Delegate to the National Council of Provinces

Assembly Member for Free State
- In office 22 May 2014 – 11 April 2016

Member of the National Assembly
- In office 24 July 2006 – 6 May 2014

Personal details
- Born: 17 June 1956 (age 69)
- Citizenship: South Africa
- Party: African National Congress

= Manana Tlake =

South African politician (born 1956)

Manana Florence Tlake (born 17 June 1956) is a South African politician from the Free State. She represented the African National Congress (ANC) in Parliament from 2006 to 2016, first in the National Assembly and then, from 2014, in the National Council of Provinces.

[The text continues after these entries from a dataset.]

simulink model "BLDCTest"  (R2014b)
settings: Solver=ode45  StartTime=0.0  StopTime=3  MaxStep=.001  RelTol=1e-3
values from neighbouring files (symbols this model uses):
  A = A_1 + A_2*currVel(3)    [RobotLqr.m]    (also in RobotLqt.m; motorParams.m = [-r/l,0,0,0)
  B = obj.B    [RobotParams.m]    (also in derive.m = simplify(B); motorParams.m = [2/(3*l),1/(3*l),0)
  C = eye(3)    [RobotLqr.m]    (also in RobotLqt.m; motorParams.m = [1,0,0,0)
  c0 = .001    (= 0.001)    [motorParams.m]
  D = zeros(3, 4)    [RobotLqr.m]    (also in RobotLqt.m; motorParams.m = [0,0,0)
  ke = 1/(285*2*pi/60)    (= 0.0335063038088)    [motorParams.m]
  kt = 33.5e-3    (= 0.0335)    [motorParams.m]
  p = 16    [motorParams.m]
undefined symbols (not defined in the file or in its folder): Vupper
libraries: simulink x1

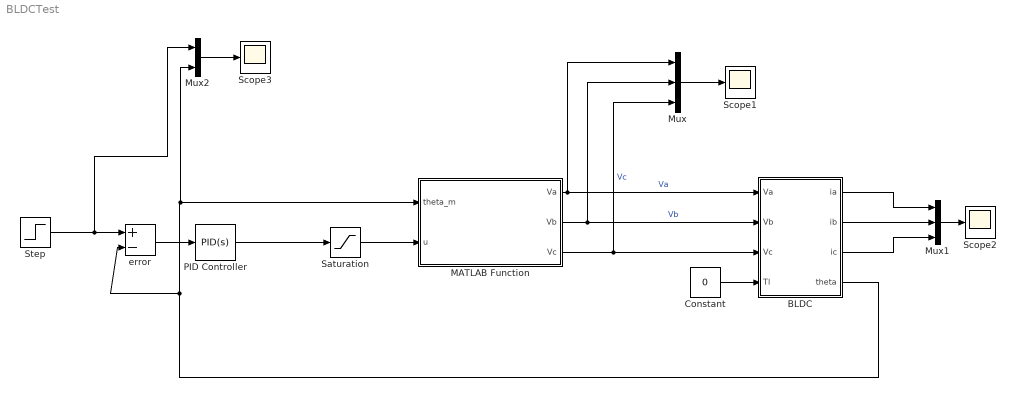
== system BLDCTest ==
  BLDC : Subsystem
  Constant : Constant  Value=0
  MATLAB Function : MATLAB Function  TreatAsAtomicUnit=on
  Mux : Mux  Inputs=3
  Mux1 : Mux  Inputs=3
  Mux2 : Mux  Inputs=2
  PID Controller : simulink/Continuous/PID Controller  Controller=PID  TimeDomain=Continuous-time  SampleTime=-1  IntegratorMethod=Forward Euler  FilterMethod=Forward Euler  Form=Parallel  P=50  I=10  D=0  N=100  InitialConditionSource=internal  InitialConditionForIntegrator=0  InitialConditionForFilter=0  ExternalReset=none  LimitOutput=off  UpperSaturationLimit=inf  LowerSaturationLimit=-inf  LinearizeAsGain=on  AntiWindupMode=none  Kb=1  TrackingMode=off  Kt=1  PParamMin=[]  PParamMax=[]  IParamMin=[]  IParamMax=[]  DParamMin=[]  DParamMax=[]  NParamMin=[]  NParamMax=[]  KbParamMin=[]  KbParamMax=[]  KtParamMin=[]  KtParamMax=[]  POutMin=[]  POutMax=[]  IOutMin=[]  IOutMax=[]  DOutMin=[]  DOutMax=[]  NOutMin=[]  NOutMax=[]  KbOutMin=[]  KbOutMax=[]  KtOutMin=[]  KtOutMax=[]  IntegratorOutMin=[]  IntegratorOutMax=[]  FilterOutMin=[]  FilterOutMax=[]  SumOutMin=[]  SumOutMax=[]  SumI1OutMin=[]  SumI1OutMax=[]  SumI2OutMin=[]  SumI2OutMax=[]  SumI3OutMin=[]  SumI3OutMax=[]  SumDOutMin=[]  SumDOutMax=[]  SaturationOutMin=[]  SaturationOutMax=[]  IntegratorContinuousStateAttributes=''  IntegratorStateMustResolveToSignalObject=off  IntegratorRTWStateStorageClass=Auto  FilterContinuousStateAttributes=''  FilterStateMustResolveToSignalObject=off  FilterRTWStateStorageClass=Auto  DifferentiatorICPrevScaledInput=0  DifferentiatorOutMin=[]  DifferentiatorOutMax=[]  UseFilter=on
  Saturation : Saturate  UpperLimit=Vupper/2  LowerLimit=-Vupper/2
  Scope1 : Scope
  Scope2 : Scope
  Scope3 : Scope
  Step : Step  After=2*pi  SampleTime=0
  error : Sum  Inputs=+-
  wires:
  BLDC/1(ia) -> Mux1/1
  BLDC/2(ib) -> Mux1/2
  BLDC/3(ic) -> Mux1/3
  Constant/1 -> BLDC/4(Tl)
  BLDC/4(theta) -> error/2, Mux2/2, MATLAB Function/1(theta_m)
  Mux1/1 -> Scope2/1
  MATLAB Function/1(Va) -> Mux/1, BLDC/1(Va)  "Va"
  MATLAB Function/2(Vb) -> Mux/2, BLDC/2(Vb)  "Vb"
  MATLAB Function/3(Vc) -> Mux/3, BLDC/3(Vc)  "Vc"
  Mux/1 -> Scope1/1
  error/1 -> PID Controller/1
  Mux2/1 -> Scope3/1
  PID Controller/1 -> Saturation/1
  Saturation/1 -> MATLAB Function/2(u)
  Step/1 -> Mux2/1, error/1

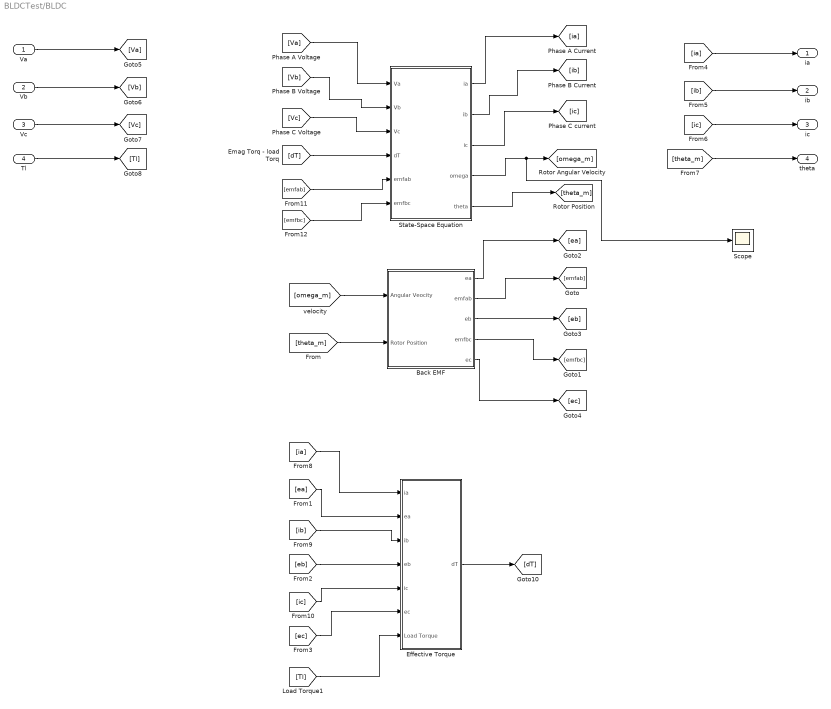
== system BLDCTest/BLDC ==
  Va : Inport
  Vb : Inport  Port=2
  Vc : Inport  Port=3
  Tl : Inport  Port=4
  Back EMF : Subsystem
  Effective Torque : Subsystem
  Scope : Scope
  State-Space Equation : Subsystem
  ia : Outport
  ib : Outport  Port=2
  ic : Outport  Port=3
  theta : Outport  Port=4
  wires:
  State-Space Equation/1(ia) -> [ia]
  [Va] -> State-Space Equation/1(Va)
  State-Space Equation/5(theta) -> [theta_m]
  State-Space Equation/2(ib) -> [ib]
  [dT] -> State-Space Equation/4(dT)
  [Vb] -> State-Space Equation/2(Vb)
  State-Space Equation/4(omega) -> Scope/1, [omega_m]
  State-Space Equation/3(ic) -> [ic]
  [Vc] -> State-Space Equation/3(Vc)
  Effective Torque/1(dT) -> [dT]
  [ib] -> Effective Torque/3(ib)
  [ec] -> Effective Torque/6(ec)
  [ia] -> Effective Torque/1(ia)
  [ea] -> Effective Torque/2(ea)
  [ic] -> Effective Torque/5(ic)
  [Tl] -> Effective Torque/7(Load Torque)
  [eb] -> Effective Torque/4(eb)
  Back EMF/2(emfab) -> [emfab]
  [omega_m] -> Back EMF/1(Angular Veocity)
  Back EMF/5(ec) -> [ec]
  [ib] -> ib/1
  Vc/1 -> [Vc]
  [ic] -> ic/1
  Back EMF/3(eb) -> [eb]
  [theta_m] -> theta/1
  [ia] -> ia/1
  Tl/1 -> [Tl]
  Back EMF/1(ea) -> [ea]
  [theta_m] -> Back EMF/2(Rotor Position)
  Va/1 -> [Va]
  Vb/1 -> [Vb]
  Back EMF/4(emfbc) -> [emfbc]
  [emfab] -> State-Space Equation/5(emfab)
  [emfbc] -> State-Space Equation/6(emfbc)

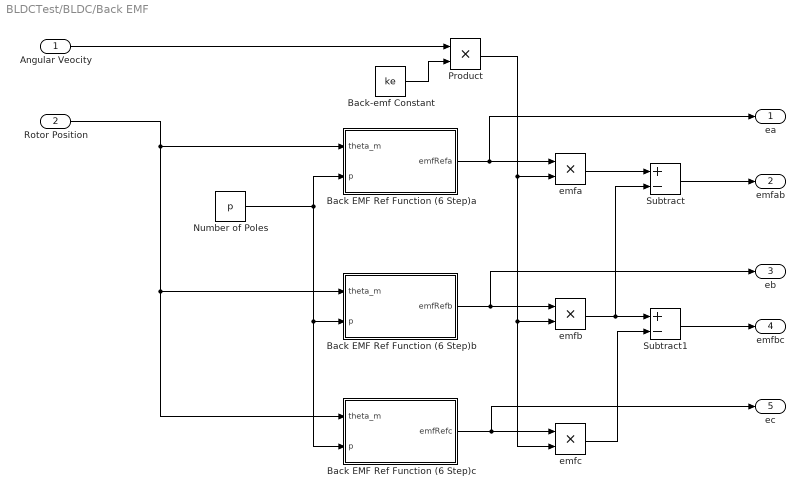
== system BLDCTest/BLDC/Back EMF ==
  Angular Veocity : Inport
  Rotor Position : Inport  Port=2
  Back EMF Ref Function (6 Step)a : MATLAB Function  TreatAsAtomicUnit=on
  Back EMF Ref Function (6 Step)b : MATLAB Function  TreatAsAtomicUnit=on
  Back EMF Ref Function (6 Step)c : MATLAB Function  TreatAsAtomicUnit=on
  Back-emf Constant : Constant  Value=ke
  Number of Poles : Constant  Value=p
  Product : Product
  Subtract : Sum  Inputs=+-
  Subtract1 : Sum  Inputs=+-
  emfa : Product
  emfb : Product
  emfc : Product
  ea : Outport
  emfab : Outport  Port=2
  eb : Outport  Port=3
  emfbc : Outport  Port=4
  ec : Outport  Port=5
  wires:
  Rotor Position/1 -> Back EMF Ref Function (6 Step)a/1(theta_m), Back EMF Ref Function (6 Step)c/1(theta_m), Back EMF Ref Function (6 Step)b/1(theta_m)
  Number of Poles/1 -> Back EMF Ref Function (6 Step)a/2(p), Back EMF Ref Function (6 Step)b/2(p), Back EMF Ref Function (6 Step)c/2(p)
  Back EMF Ref Function (6 Step)a/1(emfRefa) -> ea/1, emfa/1
  emfc/1 -> Subtract1/2
  Back-emf Constant/1 -> Product/2
  Product/1 -> emfa/2, emfc/2, emfb/2
  emfb/1 -> Subtract/2, Subtract1/1
  Back EMF Ref Function (6 Step)b/1(emfRefb) -> eb/1, emfb/1
  Back EMF Ref Function (6 Step)c/1(emfRefc) -> ec/1, emfc/1
  Angular Veocity/1 -> Product/1
  emfa/1 -> Subtract/1
  Subtract/1 -> emfab/1
  Subtract1/1 -> emfbc/1

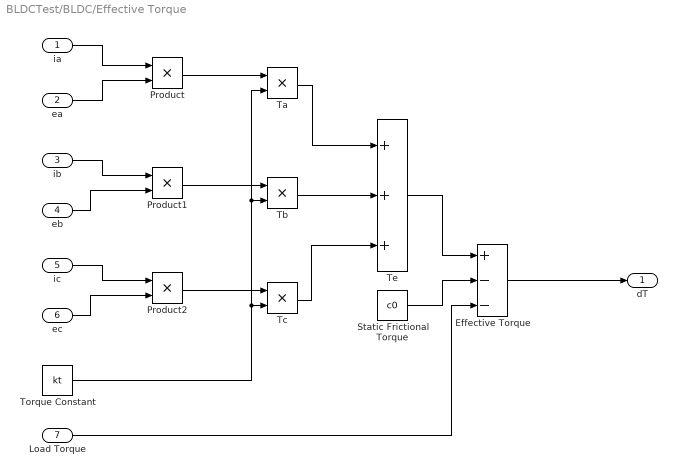
== system BLDCTest/BLDC/Effective Torque ==
  ia : Inport
  ea : Inport  Port=2
  ib : Inport  Port=3
  eb : Inport  Port=4
  ic : Inport  Port=5
  ec : Inport  Port=6
  Load Torque : Inport  Port=7
  Effective Torque : Sum  Inputs=+--
  Product : Product
  Product1 : Product
  Product2 : Product
  Static Frictional Torque : Constant  Value=c0
  Ta : Product  Inputs=**
  Tb : Product  Inputs=**
  Tc : Product  Inputs=**
  Te : Sum  Inputs=+++
  Torque Constant : Constant  Value=kt
  dT : Outport
  wires:
  Static Frictional Torque/1 -> Effective Torque/2
  Load Torque/1 -> Effective Torque/3
  Tc/1 -> Te/3
  Ta/1 -> Te/1
  Tb/1 -> Te/2
  ec/1 -> Product2/2
  eb/1 -> Product1/2
  ib/1 -> Product1/1
  ea/1 -> Product/2
  ic/1 -> Product2/1
  ia/1 -> Product/1
  Effective Torque/1 -> dT/1
  Torque Constant/1 -> Tc/2, Tb/2, Ta/2
  Product/1 -> Ta/1
  Product1/1 -> Tb/1
  Product2/1 -> Tc/1
  Te/1 -> Effective Torque/1

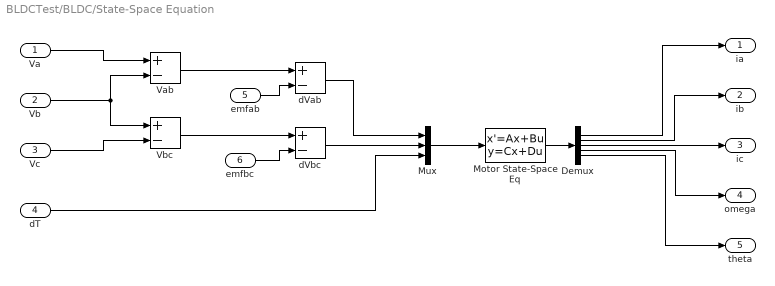
== system BLDCTest/BLDC/State-Space Equation ==
  Va : Inport
  Vb : Inport  Port=2
  Vc : Inport  Port=3
  dT : Inport  Port=4
  emfab : Inport  Port=5
  emfbc : Inport  Port=6
  Demux : Demux  Outputs=5
  Motor State-Space Eq : StateSpace  A=A  B=B  C=C  D=D  X0=0
  Mux : Mux  Inputs=3
  Vab : Sum  Inputs=+-
  Vbc : Sum  Inputs=+-
  dVab : Sum  Inputs=+-
  dVbc : Sum  Inputs=+-
  ia : Outport
  ib : Outport  Port=2
  ic : Outport  Port=3
  omega : Outport  Port=4
  theta : Outport  Port=5
  wires:
  dVbc/1 -> Mux/2
  Demux/2 -> ib/1
  Demux/5 -> theta/1
  Demux/3 -> ic/1
  Demux/1 -> ia/1
  Demux/4 -> omega/1
  Motor State-Space Eq/1 -> Demux/1
  emfbc/1 -> dVbc/2
  Mux/1 -> Motor State-Space Eq/1
  dT/1 -> Mux/3
  Vbc/1 -> dVbc/1
  Vab/1 -> dVab/1
  dVab/1 -> Mux/1
  emfab/1 -> dVab/2
  Va/1 -> Vab/1
  Vb/1 -> Vab/2, Vbc/1
  Vc/1 -> Vbc/2

== matlab function BLDCTest/BLDC/Back EMF/Back EMF Ref Function (6 Step)b ==
function emfRefb = F(theta_m, p)
    theta_e = (p/2).*theta_m - 2*pi/3;
    theta_e = mod(theta_e, (2*pi));
    if theta_e < 0
        theta_e = 2*pi - theta_e;
    end
    if (theta_e <= 2*pi/3)
        emfRefb = 1;
    elseif (theta_e <= pi)
        emfRefb = 1-(6/pi)*(theta_e - 2*pi/3);
    elseif (theta_e <= 5*pi/3)
        emfRefb = -1;
    else
        emfRefb = -1 + (6/pi)*(theta_e - 5*pi/3);
    end

end

== matlab function BLDCTest/BLDC/Back EMF/Back EMF Ref Function (6 Step)a ==
function emfRefa = F(theta_m, p)
    theta_e = (p/2).*theta_m;
    theta_e = mod(theta_e, (2*pi));
    if theta_e < 0
        theta_e = 2*pi - theta_e;
    end
    if (theta_e <= 2*pi/3)
        emfRefa = 1;
    elseif (theta_e <= pi)
        emfRefa = 1-(6/pi)*(theta_e - 2*pi/3);
    elseif (theta_e <= 5*pi/3)
        emfRefa = -1;
    else
        emfRefa = -1 + (6/pi)*(theta_e - 5*pi/3);
    end

end

== matlab function BLDCTest/BLDC/Back EMF/Back EMF Ref Function (6 Step)c ==
function emfRefc = F(theta_m, p)
    theta_e = (p/2).*theta_m + 2*pi/3;
    theta_e = mod(theta_e, (2*pi));
    if theta_e < 0
        theta_e = 2*pi - theta_e;
    end
    if (theta_e <= 2*pi/3)
        emfRefc = 1;
    elseif (theta_e <= pi)
        emfRefc = 1-(6/pi)*(theta_e - 2*pi/3);
    elseif (theta_e <= 5*pi/3)
        emfRefc = -1;
    else
        emfRefc = -1 + (6/pi)*(theta_e - 5*pi/3);
    end

end

== matlab function BLDCTest/MATLAB Function ==
function [Va, Vb, Vc] = halfBridge(theta_m, u)
    poles = 16;
    theta_e = (poles/2)*theta_m;
    theta_e = mod(theta_e, 2*pi);

    if theta_e <= pi/3
        Va = u/2;
        Vb = -u/2;
        Vc = 0;
    elseif theta_e <= 2*pi/3
        Va = u/2;
        Vb = 0;
        Vc = -u/2;
    elseif theta_e <= pi
        Va = 0;
        Vb = u/2;
        Vc = -u/2;
    elseif theta_e <= 4*pi/3
        Va = -u/2;
        Vb = u/2;
        Vc = 0;
    elseif theta_e <= 5*pi/3
        Va = -u/2;
        Vb = 0;
        Vc = u/2;
    else
        Va = 0;
        Vb = -u/2;
        Vc = u/2;
    end
end

== Early life and career ==
Born on 17 June 1956, Tlake has a Bachelor's degree in nursing. Before joining legislative politics, she served as a member of the Free State Commission for Gender Equity and as director for strategy in the Motheo Municipality. She was also the chairperson of the Free State branch of the ANC Women's League in the mid-1990s.

== Legislative career ==
Tlake joined the National Assembly on 24 July 2006, filling the casual vacancy created by Selby Khumalo's resignation. She was elected to a full term in the 2009 general election, now on the ANC's Free State party list rather than the national list, and she served until the 2014 general election. In addition, in 2010, the ANC appointed her as the party's whip in the Women's Caucus and in the Portfolio Committee on Women, Youth, Children and People with Disability. She was also a member of the Provincial Executive Committee of the ANC's Free State branch.

After the 2014 election, Tlake was sworn in to the National Council of Provinces, where she led the Free State caucus. She resigned from Parliament on 11 April 2016.